When you pick up your puppy, we will provide you will a complete medical and vaccination record of your puppy. Along with shot and medical records, you will receive a copy our “Puppy Care Schedule Worksheet” which documents everything that has been given, the doses, and schedules out to 16 weeks.
- 3 – 4 Weeks: As part of CSB’s standard protocol, we give a PARVO only vaccination between 3 and 4 weeks.
- 6 – 8 Weeks:(5-Way) Distemper, Adenovirus, Hepatitis, Parvovirus, Parainfluenza.
- 10-12 Weeks: (5-Way) Distemper, Adenovirus, Hepatitis, Parvovirus, Parainfluenza.
- 14-16 Weeks:(9-Way) Distemper, Adenovirus, Hepatitis, Parvovirus, Parainfluenza, and protects against four strains of Lepto.
- 18-20 Weeks: (9-Way) Distemper, Adenovirus, Hepatitis, Parvovirus, Parainfluenza, and protects against four strains of Lepto.
- 12-24 Weeks: Rabies: This vaccination can only be given by a DVM
Feeding Your Puppy:
We feed our puppy dogs Purina Pro Plan Puppy Chicken and Rice-Shredded. With our daily puppy food, we give a coccidia preventative that help keeps the puppy and mother healthy. As part of your Puppy Package, we provided you a large zip-lock back of food, although you may have already purchased a bag, please continue to feed the food that we provide at delivery until is all gone. This will help prevent any digestive issue case by the stress of moving.
Pro Plan can be widely found in places like pet stores such as Tractor Supply, or higher-end grocery stores. Pro Plan is the ONLY Purina product we recommend. Our adult dog are fed Diamond Natural Products and would suggest those if you find Pro Plan hard to find.
When changing food, gradually replace the Pro Plan with your high-quality replacement. Making any sudden changes may cause the puppy digestive problems. We also, mix a small portion of a high-quality wet (or can) food into each meal. This add needed calories and gives the puppies a little moisture. We are currently using 4-Health products from Tractor Supply.
- 6–12 weeks: Four feedings a day are usually adequate to meet nutritional demands. We suggest slightly “softening” the food with warm water before feeding and including a tablespoon or two of high-quality wet food. This will be more appealing and easier for the puppy to eat. Plus, by wetting it, you are also providing additional liquid.
- 3–6 months: Sometime during this period, decrease feedings from four to three a day. A pup should be losing her potbelly and pudginess by 12 weeks. If they are still roly-poly at this age, continue to feed puppy-size portions until body type matures.
- 6–12 months: Begin feeding twice daily. Spaying or neutering lowers energy requirements slightly; after the procedure, switch from nutrient-rich puppy food to adult maintenance food. Error on the side of caution: Better to be on puppy food a little too long than not long enough. Whenever switching food, gradually replace the new with the old. Any sudden change in food can result in digestive issues.

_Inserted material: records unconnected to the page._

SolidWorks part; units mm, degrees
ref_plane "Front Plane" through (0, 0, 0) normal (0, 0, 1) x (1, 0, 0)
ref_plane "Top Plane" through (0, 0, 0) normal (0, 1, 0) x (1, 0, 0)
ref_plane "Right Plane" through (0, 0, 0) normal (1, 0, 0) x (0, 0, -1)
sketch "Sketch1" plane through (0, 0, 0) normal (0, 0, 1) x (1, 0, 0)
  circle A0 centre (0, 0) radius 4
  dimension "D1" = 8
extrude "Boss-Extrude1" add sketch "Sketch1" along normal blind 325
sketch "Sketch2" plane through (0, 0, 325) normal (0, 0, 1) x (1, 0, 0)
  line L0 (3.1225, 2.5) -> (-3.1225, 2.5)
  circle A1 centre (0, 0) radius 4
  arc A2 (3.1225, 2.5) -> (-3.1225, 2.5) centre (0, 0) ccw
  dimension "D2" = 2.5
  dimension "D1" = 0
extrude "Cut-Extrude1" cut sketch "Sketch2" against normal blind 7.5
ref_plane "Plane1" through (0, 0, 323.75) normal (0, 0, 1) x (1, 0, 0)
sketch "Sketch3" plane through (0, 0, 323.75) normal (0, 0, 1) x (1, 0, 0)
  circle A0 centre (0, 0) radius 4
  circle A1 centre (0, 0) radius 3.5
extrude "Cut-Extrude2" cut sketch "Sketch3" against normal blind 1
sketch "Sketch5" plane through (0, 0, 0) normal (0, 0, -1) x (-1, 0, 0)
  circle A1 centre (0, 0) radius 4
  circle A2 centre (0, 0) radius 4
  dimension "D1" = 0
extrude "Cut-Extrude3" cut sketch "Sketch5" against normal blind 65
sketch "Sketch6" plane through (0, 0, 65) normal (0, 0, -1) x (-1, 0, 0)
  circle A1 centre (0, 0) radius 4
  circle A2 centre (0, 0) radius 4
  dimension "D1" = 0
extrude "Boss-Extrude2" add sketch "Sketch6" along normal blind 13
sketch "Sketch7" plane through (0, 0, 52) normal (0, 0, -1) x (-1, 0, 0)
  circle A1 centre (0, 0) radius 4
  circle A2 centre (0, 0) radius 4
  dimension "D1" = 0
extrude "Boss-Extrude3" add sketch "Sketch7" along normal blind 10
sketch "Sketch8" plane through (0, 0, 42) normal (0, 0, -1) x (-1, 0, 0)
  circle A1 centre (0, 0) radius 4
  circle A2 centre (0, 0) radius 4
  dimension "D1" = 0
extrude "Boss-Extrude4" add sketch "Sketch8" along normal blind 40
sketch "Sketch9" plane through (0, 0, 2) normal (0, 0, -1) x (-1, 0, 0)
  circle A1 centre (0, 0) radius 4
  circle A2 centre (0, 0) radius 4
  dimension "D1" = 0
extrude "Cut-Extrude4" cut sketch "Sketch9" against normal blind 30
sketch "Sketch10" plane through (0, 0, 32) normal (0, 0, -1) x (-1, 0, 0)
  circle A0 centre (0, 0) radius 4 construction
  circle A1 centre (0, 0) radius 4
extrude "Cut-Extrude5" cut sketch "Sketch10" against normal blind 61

- 1 Year: Most owners feed adult dogs two half-portions a day.
Treats are the best way to begin your relationship with your new puppy. However, we do have several precautions. In your Puppy Package, we provide any treats your puppy has been exposed to, typically they are very few. We HIGHLY suggest holding off on a lot of treats at first, let your puppy get settled into their new surrounding.
- First and foremost – NO RAWHIDE.
- Moderation is the key as too many treats may upset your puppy’s digestive system.
- Stick to one type/brand of a treat at a time. If you offer your puppy different types of treats and he has a reaction, you don’t know which treat had a negative effect.
BE CAREFUL with toys. In general, Olde English Bulldogges are “gulpers”, therefore, you have to be very careful about what toys and treats you use. Generally, we stay away from anything that squeaks as the small plastic squeaker can become a choking hazard. We suggest ropes, tires, “bully proof” type toys. Just remember, they will tear it up and you need to pay attention to what is inside.